[Records drawn from a dataset]
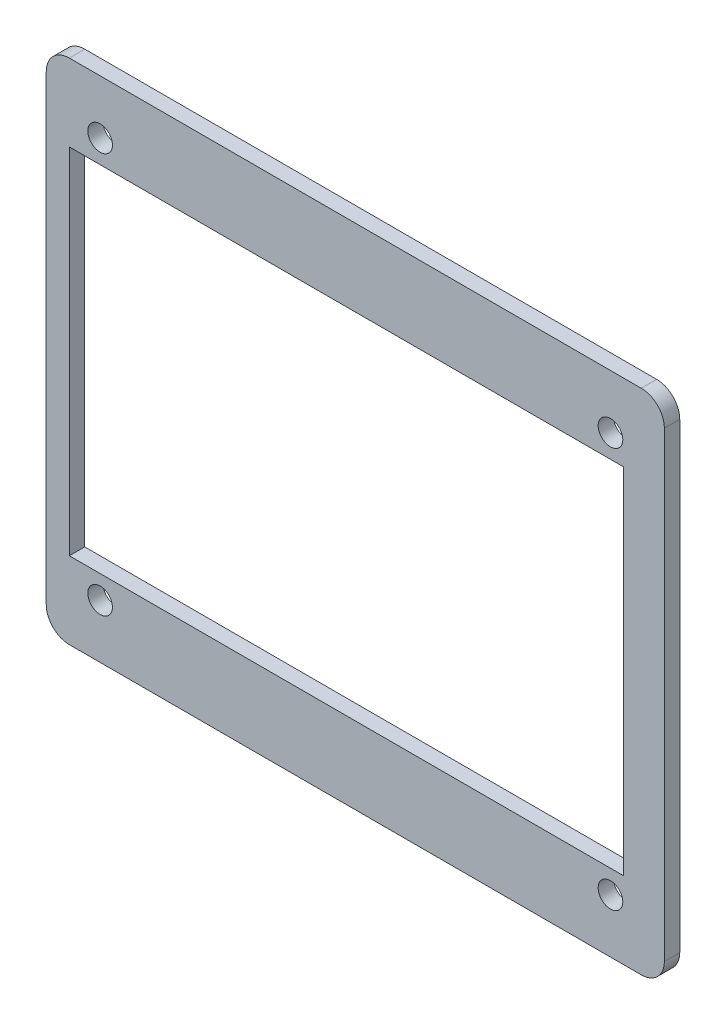
ISO-10303-21;
HEADER;
FILE_DESCRIPTION(('STEP AP214'),'2;1');
FILE_NAME('part.step','',(''),(''),'','','');
FILE_SCHEMA(('AUTOMOTIVE_DESIGN { 1 0 10303 214 1 1 1 1 }'));
ENDSEC;
DATA;
#1=APPLICATION_CONTEXT('core data for automotive mechanical design processes');
#2=APPLICATION_PROTOCOL_DEFINITION('international standard','automotive_design',2000,#1);
#3=PRODUCT_CONTEXT('',#1,'mechanical');
#4=PRODUCT('Part','Part','',(#3));
#5=PRODUCT_RELATED_PRODUCT_CATEGORY('part','',(#4));
#6=PRODUCT_DEFINITION_FORMATION('','',#4);
#7=PRODUCT_DEFINITION_CONTEXT('part definition',#1,'design');
#8=PRODUCT_DEFINITION('design','',#6,#7);
#9=PRODUCT_DEFINITION_SHAPE('','',#8);
#10=(LENGTH_UNIT() NAMED_UNIT(*) SI_UNIT(.MILLI.,.METRE.));
#11=(NAMED_UNIT(*) PLANE_ANGLE_UNIT() SI_UNIT($,.RADIAN.));
#12=(NAMED_UNIT(*) SI_UNIT($,.STERADIAN.) SOLID_ANGLE_UNIT());
#13=UNCERTAINTY_MEASURE_WITH_UNIT(LENGTH_MEASURE(1.E-05),#10,'distance_accuracy_value','');
#14=(GEOMETRIC_REPRESENTATION_CONTEXT(3) GLOBAL_UNCERTAINTY_ASSIGNED_CONTEXT((#13)) GLOBAL_UNIT_ASSIGNED_CONTEXT((#10,
#11,#12)) REPRESENTATION_CONTEXT('',''));
#15=CARTESIAN_POINT('',(0.,0.,0.));
#16=DIRECTION('',(0.,0.,1.));
#17=DIRECTION('',(1.,0.,0.));
#18=AXIS2_PLACEMENT_3D('',#15,#16,#17);
#19=CARTESIAN_POINT('',(0.,0.,2.));
#20=DIRECTION('',(1.,0.,0.));
#21=DIRECTION('',(0.,0.,-1.));
#22=AXIS2_PLACEMENT_3D('',#19,#20,#21);
#23=PLANE('',#22);
#24=DIRECTION('',(0.,-1.,0.));
#25=VECTOR('',#24,1.);
#26=CARTESIAN_POINT('',(0.,0.,0.));
#27=LINE('',#26,#25);
#28=CARTESIAN_POINT('',(0.,63.,0.));
#29=VERTEX_POINT('',#28);
#30=CARTESIAN_POINT('',(0.,3.,0.));
#31=VERTEX_POINT('',#30);
#32=EDGE_CURVE('E180',#29,#31,#27,.T.);
#33=ORIENTED_EDGE('',*,*,#32,.T.);
#34=DIRECTION('',(0.,0.,-1.));
#35=VECTOR('',#34,1.);
#36=CARTESIAN_POINT('',(0.,3.,2.));
#37=LINE('',#36,#35);
#38=CARTESIAN_POINT('',(0.,3.,2.));
#39=VERTEX_POINT('',#38);
#40=EDGE_CURVE('E11',#31,#39,#37,.F.);
#41=ORIENTED_EDGE('',*,*,#40,.T.);
#42=DIRECTION('',(0.,-1.,0.));
#43=VECTOR('',#42,1.);
#44=CARTESIAN_POINT('',(0.,0.,2.));
#45=LINE('',#44,#43);
#46=CARTESIAN_POINT('',(0.,63.,2.));
#47=VERTEX_POINT('',#46);
#48=EDGE_CURVE('E181',#47,#39,#45,.T.);
#49=ORIENTED_EDGE('',*,*,#48,.F.);
#50=DIRECTION('',(0.,0.,-1.));
#51=VECTOR('',#50,1.);
#52=CARTESIAN_POINT('',(0.,63.,2.));
#53=LINE('',#52,#51);
#54=EDGE_CURVE('E40',#47,#29,#53,.T.);
#55=ORIENTED_EDGE('',*,*,#54,.T.);
#56=EDGE_LOOP('',(#33,#41,#49,#55));
#57=FACE_BOUND('',#56,.T.);
#58=ADVANCED_FACE('F32',(#57),#23,.F.);
#59=CARTESIAN_POINT('',(0.,0.,2.));
#60=DIRECTION('',(0.,1.,0.));
#61=DIRECTION('',(0.,0.,1.));
#62=AXIS2_PLACEMENT_3D('',#59,#60,#61);
#63=PLANE('',#62);
#64=DIRECTION('',(1.,0.,0.));
#65=VECTOR('',#64,1.);
#66=CARTESIAN_POINT('',(0.,0.,0.));
#67=LINE('',#66,#65);
#68=CARTESIAN_POINT('',(3.,0.,0.));
#69=VERTEX_POINT('',#68);
#70=CARTESIAN_POINT('',(77.3,0.,0.));
#71=VERTEX_POINT('',#70);
#72=EDGE_CURVE('E197',#69,#71,#67,.T.);
#73=ORIENTED_EDGE('',*,*,#72,.T.);
#74=DIRECTION('',(0.,0.,-1.));
#75=VECTOR('',#74,1.);
#76=CARTESIAN_POINT('',(77.3,0.,2.));
#77=LINE('',#76,#75);
#78=CARTESIAN_POINT('',(77.3,0.,2.));
#79=VERTEX_POINT('',#78);
#80=EDGE_CURVE('E233',#71,#79,#77,.F.);
#81=ORIENTED_EDGE('',*,*,#80,.T.);
#82=DIRECTION('',(1.,0.,0.));
#83=VECTOR('',#82,1.);
#84=CARTESIAN_POINT('',(0.,0.,2.));
#85=LINE('',#84,#83);
#86=CARTESIAN_POINT('',(3.,0.,2.));
#87=VERTEX_POINT('',#86);
#88=EDGE_CURVE('E184',#87,#79,#85,.T.);
#89=ORIENTED_EDGE('',*,*,#88,.F.);
#90=DIRECTION('',(0.,0.,-1.));
#91=VECTOR('',#90,1.);
#92=CARTESIAN_POINT('',(3.,0.,2.));
#93=LINE('',#92,#91);
#94=EDGE_CURVE('E230',#87,#69,#93,.T.);
#95=ORIENTED_EDGE('',*,*,#94,.T.);
#96=EDGE_LOOP('',(#73,#81,#89,#95));
#97=FACE_BOUND('',#96,.T.);
#98=ADVANCED_FACE('F251',(#97),#63,.F.);
#99=CARTESIAN_POINT('',(80.3,0.,2.));
#100=DIRECTION('',(-1.,0.,0.));
#101=DIRECTION('',(0.,0.,1.));
#102=AXIS2_PLACEMENT_3D('',#99,#100,#101);
#103=PLANE('',#102);
#104=DIRECTION('',(0.,1.,0.));
#105=VECTOR('',#104,1.);
#106=CARTESIAN_POINT('',(80.3,0.,0.));
#107=LINE('',#106,#105);
#108=CARTESIAN_POINT('',(80.3,3.,0.));
#109=VERTEX_POINT('',#108);
#110=CARTESIAN_POINT('',(80.3,63.,0.));
#111=VERTEX_POINT('',#110);
#112=EDGE_CURVE('E200',#109,#111,#107,.T.);
#113=ORIENTED_EDGE('',*,*,#112,.T.);
#114=DIRECTION('',(0.,0.,-1.));
#115=VECTOR('',#114,1.);
#116=CARTESIAN_POINT('',(80.3,63.,2.));
#117=LINE('',#116,#115);
#118=CARTESIAN_POINT('',(80.3,63.,2.));
#119=VERTEX_POINT('',#118);
#120=EDGE_CURVE('E220',#111,#119,#117,.F.);
#121=ORIENTED_EDGE('',*,*,#120,.T.);
#122=DIRECTION('',(0.,1.,0.));
#123=VECTOR('',#122,1.);
#124=CARTESIAN_POINT('',(80.3,0.,2.));
#125=LINE('',#124,#123);
#126=CARTESIAN_POINT('',(80.3,3.,2.));
#127=VERTEX_POINT('',#126);
#128=EDGE_CURVE('E188',#127,#119,#125,.T.);
#129=ORIENTED_EDGE('',*,*,#128,.F.);
#130=DIRECTION('',(0.,0.,-1.));
#131=VECTOR('',#130,1.);
#132=CARTESIAN_POINT('',(80.3,3.,2.));
#133=LINE('',#132,#131);
#134=EDGE_CURVE('E217',#127,#109,#133,.T.);
#135=ORIENTED_EDGE('',*,*,#134,.T.);
#136=EDGE_LOOP('',(#113,#121,#129,#135));
#137=FACE_BOUND('',#136,.T.);
#138=ADVANCED_FACE('F262',(#137),#103,.F.);
#139=CARTESIAN_POINT('',(0.,66.,2.));
#140=DIRECTION('',(0.,-1.,0.));
#141=DIRECTION('',(0.,0.,-1.));
#142=AXIS2_PLACEMENT_3D('',#139,#140,#141);
#143=PLANE('',#142);
#144=DIRECTION('',(-1.,0.,0.));
#145=VECTOR('',#144,1.);
#146=CARTESIAN_POINT('',(0.,66.,2.));
#147=LINE('',#146,#145);
#148=CARTESIAN_POINT('',(77.3,66.,2.));
#149=VERTEX_POINT('',#148);
#150=CARTESIAN_POINT('',(3.,66.,2.));
#151=VERTEX_POINT('',#150);
#152=EDGE_CURVE('E191',#149,#151,#147,.T.);
#153=ORIENTED_EDGE('',*,*,#152,.F.);
#154=DIRECTION('',(0.,0.,-1.));
#155=VECTOR('',#154,1.);
#156=CARTESIAN_POINT('',(77.3,66.,2.));
#157=LINE('',#156,#155);
#158=CARTESIAN_POINT('',(77.3,66.,0.));
#159=VERTEX_POINT('',#158);
#160=EDGE_CURVE('E206',#149,#159,#157,.T.);
#161=ORIENTED_EDGE('',*,*,#160,.T.);
#162=DIRECTION('',(-1.,0.,0.));
#163=VECTOR('',#162,1.);
#164=CARTESIAN_POINT('',(0.,66.,0.));
#165=LINE('',#164,#163);
#166=CARTESIAN_POINT('',(3.,66.,0.));
#167=VERTEX_POINT('',#166);
#168=EDGE_CURVE('E185',#159,#167,#165,.T.);
#169=ORIENTED_EDGE('',*,*,#168,.T.);
#170=DIRECTION('',(0.,0.,-1.));
#171=VECTOR('',#170,1.);
#172=CARTESIAN_POINT('',(3.,66.,2.));
#173=LINE('',#172,#171);
#174=EDGE_CURVE('E194',#167,#151,#173,.F.);
#175=ORIENTED_EDGE('',*,*,#174,.T.);
#176=EDGE_LOOP('',(#153,#161,#169,#175));
#177=FACE_BOUND('',#176,.T.);
#178=ADVANCED_FACE('F270',(#177),#143,.F.);
#179=CARTESIAN_POINT('',(0.,0.,2.));
#180=DIRECTION('',(0.,0.,-1.));
#181=DIRECTION('',(-1.,0.,0.));
#182=AXIS2_PLACEMENT_3D('',#179,#180,#181);
#183=PLANE('',#182);
#184=DIRECTION('',(1.,0.,0.));
#185=VECTOR('',#184,1.);
#186=CARTESIAN_POINT('',(3.,10.,2.));
#187=LINE('',#186,#185);
#188=CARTESIAN_POINT('',(3.,10.,2.));
#189=VERTEX_POINT('',#188);
#190=CARTESIAN_POINT('',(75.,10.,2.));
#191=VERTEX_POINT('',#190);
#192=EDGE_CURVE('E147',#189,#191,#187,.T.);
#193=ORIENTED_EDGE('',*,*,#192,.F.);
#194=DIRECTION('',(0.,-1.,0.));
#195=VECTOR('',#194,1.);
#196=CARTESIAN_POINT('',(3.,10.,2.));
#197=LINE('',#196,#195);
#198=CARTESIAN_POINT('',(3.,56.,2.));
#199=VERTEX_POINT('',#198);
#200=EDGE_CURVE('E47',#199,#189,#197,.T.);
#201=ORIENTED_EDGE('',*,*,#200,.F.);
#202=DIRECTION('',(-1.,0.,0.));
#203=VECTOR('',#202,1.);
#204=CARTESIAN_POINT('',(3.,56.,2.));
#205=LINE('',#204,#203);
#206=CARTESIAN_POINT('',(75.,56.,2.));
#207=VERTEX_POINT('',#206);
#208=EDGE_CURVE('E138',#207,#199,#205,.T.);
#209=ORIENTED_EDGE('',*,*,#208,.F.);
#210=DIRECTION('',(0.,1.,0.));
#211=VECTOR('',#210,1.);
#212=CARTESIAN_POINT('',(75.,10.,2.));
#213=LINE('',#212,#211);
#214=EDGE_CURVE('E141',#191,#207,#213,.T.);
#215=ORIENTED_EDGE('',*,*,#214,.F.);
#216=EDGE_LOOP('',(#193,#201,#209,#215));
#217=FACE_BOUND('',#216,.T.);
#218=CARTESIAN_POINT('',(7.,59.,2.));
#219=DIRECTION('',(0.,0.,1.));
#220=DIRECTION('',(1.,0.,0.));
#221=AXIS2_PLACEMENT_3D('',#218,#219,#220);
#222=CIRCLE('',#221,1.59999999999999);
#223=CARTESIAN_POINT('',(8.59999999999999,59.,2.));
#224=VERTEX_POINT('',#223);
#225=EDGE_CURVE('E153',#224,#224,#222,.T.);
#226=ORIENTED_EDGE('',*,*,#225,.F.);
#227=EDGE_LOOP('',(#226));
#228=FACE_BOUND('',#227,.T.);
#229=CARTESIAN_POINT('',(73.3,59.,2.));
#230=DIRECTION('',(0.,0.,1.));
#231=DIRECTION('',(1.,0.,0.));
#232=AXIS2_PLACEMENT_3D('',#229,#230,#231);
#233=CIRCLE('',#232,1.59999999999999);
#234=CARTESIAN_POINT('',(74.9,59.,2.));
#235=VERTEX_POINT('',#234);
#236=EDGE_CURVE('E162',#235,#235,#233,.T.);
#237=ORIENTED_EDGE('',*,*,#236,.F.);
#238=EDGE_LOOP('',(#237));
#239=FACE_BOUND('',#238,.T.);
#240=CARTESIAN_POINT('',(73.3,7.,2.));
#241=DIRECTION('',(0.,0.,1.));
#242=DIRECTION('',(1.,0.,0.));
#243=AXIS2_PLACEMENT_3D('',#240,#241,#242);
#244=CIRCLE('',#243,1.59999999999999);
#245=CARTESIAN_POINT('',(74.9,7.,2.));
#246=VERTEX_POINT('',#245);
#247=EDGE_CURVE('E168',#246,#246,#244,.T.);
#248=ORIENTED_EDGE('',*,*,#247,.F.);
#249=EDGE_LOOP('',(#248));
#250=FACE_BOUND('',#249,.T.);
#251=CARTESIAN_POINT('',(7.00000000000001,7.,2.));
#252=DIRECTION('',(0.,0.,1.));
#253=DIRECTION('',(1.,0.,0.));
#254=AXIS2_PLACEMENT_3D('',#251,#252,#253);
#255=CIRCLE('',#254,1.59999999999999);
#256=CARTESIAN_POINT('',(8.59999999999999,7.,2.));
#257=VERTEX_POINT('',#256);
#258=EDGE_CURVE('E174',#257,#257,#255,.T.);
#259=ORIENTED_EDGE('',*,*,#258,.F.);
#260=EDGE_LOOP('',(#259));
#261=FACE_BOUND('',#260,.T.);
#262=ORIENTED_EDGE('',*,*,#128,.T.);
#263=CARTESIAN_POINT('',(77.3,63.,2.));
#264=DIRECTION('',(0.,0.,-1.));
#265=DIRECTION('',(-1.,0.,0.));
#266=AXIS2_PLACEMENT_3D('',#263,#264,#265);
#267=CIRCLE('',#266,3.);
#268=EDGE_CURVE('E228',#119,#149,#267,.F.);
#269=ORIENTED_EDGE('',*,*,#268,.T.);
#270=ORIENTED_EDGE('',*,*,#152,.T.);
#271=CARTESIAN_POINT('',(3.,63.,2.));
#272=DIRECTION('',(0.,0.,-1.));
#273=DIRECTION('',(-1.,0.,0.));
#274=AXIS2_PLACEMENT_3D('',#271,#272,#273);
#275=CIRCLE('',#274,3.);
#276=EDGE_CURVE('E222',#151,#47,#275,.F.);
#277=ORIENTED_EDGE('',*,*,#276,.T.);
#278=ORIENTED_EDGE('',*,*,#48,.T.);
#279=CARTESIAN_POINT('',(3.,3.,2.));
#280=DIRECTION('',(0.,0.,-1.));
#281=DIRECTION('',(-1.,0.,0.));
#282=AXIS2_PLACEMENT_3D('',#279,#280,#281);
#283=CIRCLE('',#282,3.);
#284=EDGE_CURVE('E224',#39,#87,#283,.F.);
#285=ORIENTED_EDGE('',*,*,#284,.T.);
#286=ORIENTED_EDGE('',*,*,#88,.T.);
#287=CARTESIAN_POINT('',(77.3,3.,2.));
#288=DIRECTION('',(0.,0.,-1.));
#289=DIRECTION('',(-1.,0.,0.));
#290=AXIS2_PLACEMENT_3D('',#287,#288,#289);
#291=CIRCLE('',#290,3.);
#292=EDGE_CURVE('E226',#79,#127,#291,.F.);
#293=ORIENTED_EDGE('',*,*,#292,.T.);
#294=EDGE_LOOP('',(#262,#269,#270,#277,#278,#285,#286,#293));
#295=FACE_BOUND('',#294,.T.);
#296=ADVANCED_FACE('F255',(#217,#228,#239,#250,#261,#295),#183,.F.);
#297=CARTESIAN_POINT('',(0.,0.,0.));
#298=DIRECTION('',(0.,0.,-1.));
#299=DIRECTION('',(-1.,0.,0.));
#300=AXIS2_PLACEMENT_3D('',#297,#298,#299);
#301=PLANE('',#300);
#302=DIRECTION('',(0.,-1.,0.));
#303=VECTOR('',#302,1.);
#304=CARTESIAN_POINT('',(3.,10.,0.));
#305=LINE('',#304,#303);
#306=CARTESIAN_POINT('',(3.,56.,0.));
#307=VERTEX_POINT('',#306);
#308=CARTESIAN_POINT('',(3.,10.,0.));
#309=VERTEX_POINT('',#308);
#310=EDGE_CURVE('E122',#307,#309,#305,.T.);
#311=ORIENTED_EDGE('',*,*,#310,.T.);
#312=DIRECTION('',(1.,0.,0.));
#313=VECTOR('',#312,1.);
#314=CARTESIAN_POINT('',(3.,10.,0.));
#315=LINE('',#314,#313);
#316=CARTESIAN_POINT('',(75.,10.,0.));
#317=VERTEX_POINT('',#316);
#318=EDGE_CURVE('E131',#309,#317,#315,.T.);
#319=ORIENTED_EDGE('',*,*,#318,.T.);
#320=DIRECTION('',(0.,1.,0.));
#321=VECTOR('',#320,1.);
#322=CARTESIAN_POINT('',(75.,10.,0.));
#323=LINE('',#322,#321);
#324=CARTESIAN_POINT('',(75.,56.,0.));
#325=VERTEX_POINT('',#324);
#326=EDGE_CURVE('E55',#317,#325,#323,.T.);
#327=ORIENTED_EDGE('',*,*,#326,.T.);
#328=DIRECTION('',(-1.,0.,0.));
#329=VECTOR('',#328,1.);
#330=CARTESIAN_POINT('',(3.,56.,0.));
#331=LINE('',#330,#329);
#332=EDGE_CURVE('E128',#325,#307,#331,.T.);
#333=ORIENTED_EDGE('',*,*,#332,.T.);
#334=EDGE_LOOP('',(#311,#319,#327,#333));
#335=FACE_BOUND('',#334,.T.);
#336=CARTESIAN_POINT('',(7.,59.,0.));
#337=DIRECTION('',(0.,0.,1.));
#338=DIRECTION('',(1.,0.,0.));
#339=AXIS2_PLACEMENT_3D('',#336,#337,#338);
#340=CIRCLE('',#339,1.6);
#341=CARTESIAN_POINT('',(8.6,59.,0.));
#342=VERTEX_POINT('',#341);
#343=EDGE_CURVE('E159',#342,#342,#340,.T.);
#344=ORIENTED_EDGE('',*,*,#343,.T.);
#345=EDGE_LOOP('',(#344));
#346=FACE_BOUND('',#345,.T.);
#347=CARTESIAN_POINT('',(73.3,59.,0.));
#348=DIRECTION('',(0.,0.,1.));
#349=DIRECTION('',(1.,0.,0.));
#350=AXIS2_PLACEMENT_3D('',#347,#348,#349);
#351=CIRCLE('',#350,1.6);
#352=CARTESIAN_POINT('',(74.9,59.,0.));
#353=VERTEX_POINT('',#352);
#354=EDGE_CURVE('E165',#353,#353,#351,.T.);
#355=ORIENTED_EDGE('',*,*,#354,.T.);
#356=EDGE_LOOP('',(#355));
#357=FACE_BOUND('',#356,.T.);
#358=CARTESIAN_POINT('',(73.3,7.,0.));
#359=DIRECTION('',(0.,0.,1.));
#360=DIRECTION('',(1.,0.,0.));
#361=AXIS2_PLACEMENT_3D('',#358,#359,#360);
#362=CIRCLE('',#361,1.6);
#363=CARTESIAN_POINT('',(74.9,7.,0.));
#364=VERTEX_POINT('',#363);
#365=EDGE_CURVE('E171',#364,#364,#362,.T.);
#366=ORIENTED_EDGE('',*,*,#365,.T.);
#367=EDGE_LOOP('',(#366));
#368=FACE_BOUND('',#367,.T.);
#369=CARTESIAN_POINT('',(7.00000000000001,7.,0.));
#370=DIRECTION('',(0.,0.,1.));
#371=DIRECTION('',(1.,0.,0.));
#372=AXIS2_PLACEMENT_3D('',#369,#370,#371);
#373=CIRCLE('',#372,1.6);
#374=CARTESIAN_POINT('',(8.6,7.,0.));
#375=VERTEX_POINT('',#374);
#376=EDGE_CURVE('E177',#375,#375,#373,.T.);
#377=ORIENTED_EDGE('',*,*,#376,.T.);
#378=EDGE_LOOP('',(#377));
#379=FACE_BOUND('',#378,.T.);
#380=ORIENTED_EDGE('',*,*,#168,.F.);
#381=CARTESIAN_POINT('',(77.3,63.,0.));
#382=DIRECTION('',(0.,0.,-1.));
#383=DIRECTION('',(-1.,0.,0.));
#384=AXIS2_PLACEMENT_3D('',#381,#382,#383);
#385=CIRCLE('',#384,3.);
#386=EDGE_CURVE('E215',#159,#111,#385,.T.);
#387=ORIENTED_EDGE('',*,*,#386,.T.);
#388=ORIENTED_EDGE('',*,*,#112,.F.);
#389=CARTESIAN_POINT('',(77.3,3.,0.));
#390=DIRECTION('',(0.,0.,-1.));
#391=DIRECTION('',(-1.,0.,0.));
#392=AXIS2_PLACEMENT_3D('',#389,#390,#391);
#393=CIRCLE('',#392,3.);
#394=EDGE_CURVE('E213',#109,#71,#393,.T.);
#395=ORIENTED_EDGE('',*,*,#394,.T.);
#396=ORIENTED_EDGE('',*,*,#72,.F.);
#397=CARTESIAN_POINT('',(3.,3.,0.));
#398=DIRECTION('',(0.,0.,-1.));
#399=DIRECTION('',(-1.,0.,0.));
#400=AXIS2_PLACEMENT_3D('',#397,#398,#399);
#401=CIRCLE('',#400,3.);
#402=EDGE_CURVE('E211',#69,#31,#401,.T.);
#403=ORIENTED_EDGE('',*,*,#402,.T.);
#404=ORIENTED_EDGE('',*,*,#32,.F.);
#405=CARTESIAN_POINT('',(3.,63.,0.));
#406=DIRECTION('',(0.,0.,-1.));
#407=DIRECTION('',(-1.,0.,0.));
#408=AXIS2_PLACEMENT_3D('',#405,#406,#407);
#409=CIRCLE('',#408,3.);
#410=EDGE_CURVE('E209',#29,#167,#409,.T.);
#411=ORIENTED_EDGE('',*,*,#410,.T.);
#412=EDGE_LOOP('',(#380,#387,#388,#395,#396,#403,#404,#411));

### Work task
Working through the records, copy each line in which the word "mechanical" appears.

### Exercise solution
#1=APPLICATION_CONTEXT('core data for automotive mechanical design processes');
#3=PRODUCT_CONTEXT('',#1,'mechanical');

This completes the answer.